There is a new result from Borexino, they measured neutrinos from the Beryllium line, and they reported a result consistent with others. Borexino is going to measure with 2% accuracy the deficit, and if KamLand has enough purity they can also go down to about 5% accuracy.

Kamland data provides a beautiful confirmation of the solution of the solar neutrino problem: solar parameters are measured precisely. M^2_{21} vs \tan^2 \theta_{12}. The survival probability as a function of distance versus neutrino energy has a beautiful oscilation. The result only assumes CPT invariance. The angle \theta_{12} is 34.4° with 1° accuracy, and (\Delta_m^2)_{12} = 7.6 \times 10^{-5} eV squared.

There is one remaining angle to determine, \theta_{13}. From reactor experiments you expect that the probability for electron neutrino disappearance is zero in short baseline experiments. Chooz had a limit at \theta_{13} < 11.5 degrees. There are experiments that have sensitivities on \sin^2 \theta_{13} of 0.02 (Double CHooz, DB, Reno). The angle is crucial because iti s a gateway to CP violation. If the angle is zero CP violation is not accessible in this sector.

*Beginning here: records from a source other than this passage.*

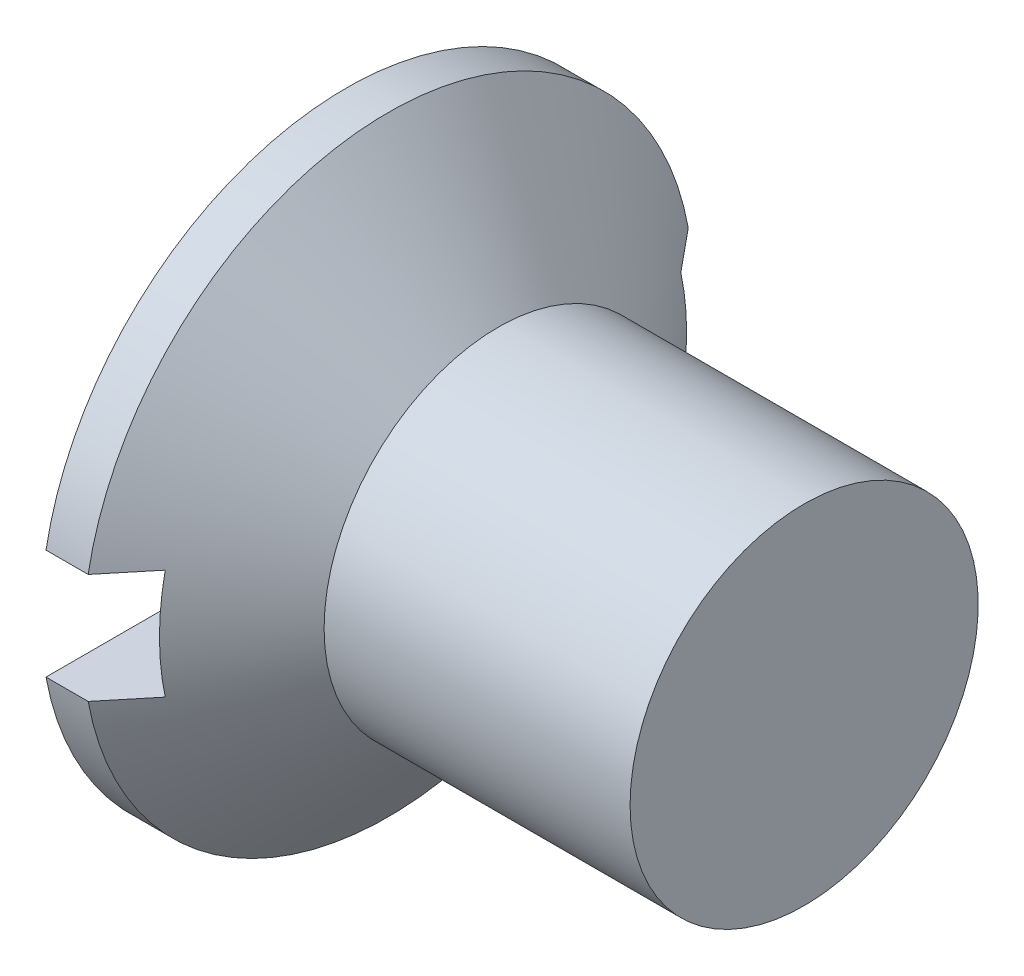
ISO-10303-21;
HEADER;
FILE_DESCRIPTION(('STEP AP214'),'2;1');
FILE_NAME('part.step','',(''),(''),'','','');
FILE_SCHEMA(('AUTOMOTIVE_DESIGN { 1 0 10303 214 1 1 1 1 }'));
ENDSEC;
DATA;
#1=APPLICATION_CONTEXT('core data for automotive mechanical design processes');
#2=APPLICATION_PROTOCOL_DEFINITION('international standard','automotive_design',2000,#1);
#3=PRODUCT_CONTEXT('',#1,'mechanical');
#4=PRODUCT('Part','Part','',(#3));
#5=PRODUCT_RELATED_PRODUCT_CATEGORY('part','',(#4));
#6=PRODUCT_DEFINITION_FORMATION('','',#4);
#7=PRODUCT_DEFINITION_CONTEXT('part definition',#1,'design');
#8=PRODUCT_DEFINITION('design','',#6,#7);
#9=PRODUCT_DEFINITION_SHAPE('','',#8);
#10=(LENGTH_UNIT() NAMED_UNIT(*) SI_UNIT(.MILLI.,.METRE.));
#11=(NAMED_UNIT(*) PLANE_ANGLE_UNIT() SI_UNIT($,.RADIAN.));
#12=(NAMED_UNIT(*) SI_UNIT($,.STERADIAN.) SOLID_ANGLE_UNIT());
#13=UNCERTAINTY_MEASURE_WITH_UNIT(LENGTH_MEASURE(1.E-05),#10,'distance_accuracy_value','');
#14=(GEOMETRIC_REPRESENTATION_CONTEXT(3) GLOBAL_UNCERTAINTY_ASSIGNED_CONTEXT((#13)) GLOBAL_UNIT_ASSIGNED_CONTEXT((#10,
#11,#12)) REPRESENTATION_CONTEXT('',''));
#15=CARTESIAN_POINT('',(0.,0.,0.));
#16=DIRECTION('',(0.,0.,1.));
#17=DIRECTION('',(1.,0.,0.));
#18=AXIS2_PLACEMENT_3D('',#15,#16,#17);
#19=CARTESIAN_POINT('',(1.0668,-0.762000000000001,-4.2291));
#20=DIRECTION('',(1.,0.,0.));
#21=DIRECTION('',(0.,0.,-1.));
#22=AXIS2_PLACEMENT_3D('',#19,#20,#21);
#23=PLANE('',#22);
#24=DIRECTION('',(0.,0.,1.));
#25=VECTOR('',#24,1.);
#26=CARTESIAN_POINT('',(1.0668,-0.457199999999986,-4.2291));
#27=LINE('',#26,#25);
#28=CARTESIAN_POINT('',(1.0668,-0.457200000000002,0.4572));
#29=VERTEX_POINT('',#28);
#30=CARTESIAN_POINT('',(1.0668,-0.457200000000007,2.11727142857143));
#31=VERTEX_POINT('',#30);
#32=EDGE_CURVE('E163',#29,#31,#27,.T.);
#33=ORIENTED_EDGE('',*,*,#32,.F.);
#34=DIRECTION('',(0.,1.,0.));
#35=VECTOR('',#34,1.);
#36=CARTESIAN_POINT('',(1.0668,-0.762,0.4572));
#37=LINE('',#36,#35);
#38=CARTESIAN_POINT('',(1.0668,-0.762000000000001,0.4572));
#39=VERTEX_POINT('',#38);
#40=EDGE_CURVE('E11',#39,#29,#37,.T.);
#41=ORIENTED_EDGE('',*,*,#40,.F.);
#42=DIRECTION('',(0.,0.,1.));
#43=VECTOR('',#42,1.);
#44=CARTESIAN_POINT('',(1.0668,-0.762000000000001,-4.2291));
#45=LINE('',#44,#43);
#46=CARTESIAN_POINT('',(1.0668,-0.762000000000001,3.57375793006765));
#47=VERTEX_POINT('',#46);
#48=EDGE_CURVE('E229',#39,#47,#45,.T.);
#49=ORIENTED_EDGE('',*,*,#48,.T.);
#50=CARTESIAN_POINT('',(1.0668,0.,0.));
#51=DIRECTION('',(1.,0.,0.));
#52=DIRECTION('',(0.,0.,-1.));
#53=AXIS2_PLACEMENT_3D('',#50,#51,#52);
#54=CIRCLE('',#53,3.65409219132761);
#55=CARTESIAN_POINT('',(1.0668,0.762,3.57375793006765));
#56=VERTEX_POINT('',#55);
#57=EDGE_CURVE('E265',#47,#56,#54,.F.);
#58=ORIENTED_EDGE('',*,*,#57,.T.);
#59=DIRECTION('',(0.,0.,-1.));
#60=VECTOR('',#59,1.);
#61=CARTESIAN_POINT('',(1.0668,0.762000000000001,4.2291));
#62=LINE('',#61,#60);
#63=CARTESIAN_POINT('',(1.0668,0.762000000000001,0.4572));
#64=VERTEX_POINT('',#63);
#65=EDGE_CURVE('E226',#56,#64,#62,.T.);
#66=ORIENTED_EDGE('',*,*,#65,.T.);
#67=CARTESIAN_POINT('',(1.0668,0.457199999999998,0.4572));
#68=VERTEX_POINT('',#67);
#69=EDGE_CURVE('E40',#68,#64,#37,.T.);
#70=ORIENTED_EDGE('',*,*,#69,.F.);
#71=DIRECTION('',(0.,0.,-1.));
#72=VECTOR('',#71,1.);
#73=CARTESIAN_POINT('',(1.0668,0.457200000000015,-4.2291));
#74=LINE('',#73,#72);
#75=CARTESIAN_POINT('',(1.0668,0.457199999999992,2.11727142857143));
#76=VERTEX_POINT('',#75);
#77=EDGE_CURVE('E371',#76,#68,#74,.T.);
#78=ORIENTED_EDGE('',*,*,#77,.F.);
#79=DIRECTION('',(0.,1.,0.));
#80=VECTOR('',#79,1.);
#81=CARTESIAN_POINT('',(1.0668,-0.762000000000023,2.11727142857143));
#82=LINE('',#81,#80);
#83=EDGE_CURVE('E315',#31,#76,#82,.T.);
#84=ORIENTED_EDGE('',*,*,#83,.F.);
#85=EDGE_LOOP('',(#33,#41,#49,#58,#66,#70,#78,#84));
#86=FACE_BOUND('',#85,.T.);
#87=ADVANCED_FACE('F32',(#86),#23,.F.);
#88=DIRECTION('',(0.,0.,1.));
#89=VECTOR('',#88,1.);
#90=CARTESIAN_POINT('',(1.0668,-0.457199999999986,-4.2291));
#91=LINE('',#90,#89);
#92=CARTESIAN_POINT('',(1.0668,-0.457199999999993,-2.11727142857143));
#93=VERTEX_POINT('',#92);
#94=CARTESIAN_POINT('',(1.0668,-0.457199999999999,-0.4572));
#95=VERTEX_POINT('',#94);
#96=EDGE_CURVE('E188',#93,#95,#91,.T.);
#97=ORIENTED_EDGE('',*,*,#96,.F.);
#98=DIRECTION('',(0.,-1.,0.));
#99=VECTOR('',#98,1.);
#100=CARTESIAN_POINT('',(1.0668,-0.762000000000008,-2.11727142857143));
#101=LINE('',#100,#99);
#102=CARTESIAN_POINT('',(1.0668,0.457200000000007,-2.11727142857143));
#103=VERTEX_POINT('',#102);
#104=EDGE_CURVE('E365',#103,#93,#101,.T.);
#105=ORIENTED_EDGE('',*,*,#104,.F.);
#106=DIRECTION('',(0.,0.,-1.));
#107=VECTOR('',#106,1.);
#108=CARTESIAN_POINT('',(1.0668,0.457200000000015,-4.2291));
#109=LINE('',#108,#107);
#110=CARTESIAN_POINT('',(1.0668,0.457200000000001,-0.4572));
#111=VERTEX_POINT('',#110);
#112=EDGE_CURVE('E376',#111,#103,#109,.T.);
#113=ORIENTED_EDGE('',*,*,#112,.F.);
#114=DIRECTION('',(0.,-1.,0.));
#115=VECTOR('',#114,1.);
#116=CARTESIAN_POINT('',(1.0668,-0.762000000000001,-0.4572));
#117=LINE('',#116,#115);
#118=CARTESIAN_POINT('',(1.0668,0.762,-0.4572));
#119=VERTEX_POINT('',#118);
#120=EDGE_CURVE('E346',#119,#111,#117,.T.);
#121=ORIENTED_EDGE('',*,*,#120,.F.);
#122=CARTESIAN_POINT('',(1.0668,0.762,-3.57375793006765));
#123=VERTEX_POINT('',#122);
#124=EDGE_CURVE('E54',#119,#123,#62,.T.);
#125=ORIENTED_EDGE('',*,*,#124,.T.);
#126=CARTESIAN_POINT('',(1.0668,-0.762000000000001,-3.57375793006765));
#127=VERTEX_POINT('',#126);
#128=EDGE_CURVE('E262',#123,#127,#54,.F.);
#129=ORIENTED_EDGE('',*,*,#128,.T.);
#130=CARTESIAN_POINT('',(1.0668,-0.762000000000001,-0.4572));
#131=VERTEX_POINT('',#130);
#132=EDGE_CURVE('E230',#127,#131,#45,.T.);
#133=ORIENTED_EDGE('',*,*,#132,.T.);
#134=EDGE_CURVE('E345',#95,#131,#117,.T.);
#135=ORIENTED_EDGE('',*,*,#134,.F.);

What do we expect theoretically on \theta_{13} ? There are a number of models to interpret the data. Predictions cluster around 0.01. Half of the models will be tested with the predicted accuracies of planned experiments.

There is a model called tri-bimaximal mixing: a composition analogous to the quark model basis of neutral pions, eta and eta’ mesons. An intriguing matrix: it could be a new symmetry of nature, possibly softly broken with a slightly non-zero value of the angle \theta_x. Or, it could well be an accident.

So, we need to find what \theta_{13} is. It is zero in the Tri-binaximal mixing. We then need to measure hte mass hierarchy: is it normal ( the third state much heavier than the other two) or inverted (the lightest much lighter than the others) ? Also, is CP violated ?

Neutrinoless double-beta decay can tell us if the neutrinos are Majorana particles. In the inverted hierarchy, you measure the average mass versus the sum. There is a lot of experimental activity going on here.

Cosmic microwave has put a limit on sum of masses at 0.6 eV. By doing 21cm tomography one can measure neutrino masses with precision of 0.007 eV. If this is realizable, it could individually measure the masses of these fascinating particles.

Barger then mentioned the idea of mapping the universe with neutrinos: the idea is that active galactic nuclei (AGN) produce hadronic interactions with pions decaying to neutrinos, and there is a whole range of experiments looking at this. You could study the neutrinos coming from AGN and their flavor composition.
Another late-breaking development is that Auger has shown a correlation of ultra high-energy cosmic rays with AGNs in the sky: the cosmic rays seem to arrive directly from the nuclei of active galaxies. Auger found a higher correlation with sources at 100 Mpc, but falling off at higher distances. Cosmic rays are already probing the AGN, and this is very good news for neutrino experiments.

Then he discussed neutrinos from the sun: annihilation of weakly interacting massive particles (WIMPS), dark matter candidates, can give neutrinos from WW, ZZ, ttbar production. The idea is that the sun captured these particles gravitationally during its history, and the particles annihilate in the center of the sun, letting neutrinos escape with high energy. The ICECUBE discovery potential is high if the spin-dependent cross section for WIMP interaction in the sun is sufficiently high.

In conclusion, we have a rich panorama of experiments that all make use of neutrinos as probes of exotic phenomena as well as processes which we have to measure better to gain understanding of fundamental physics as well as gather information about the universe.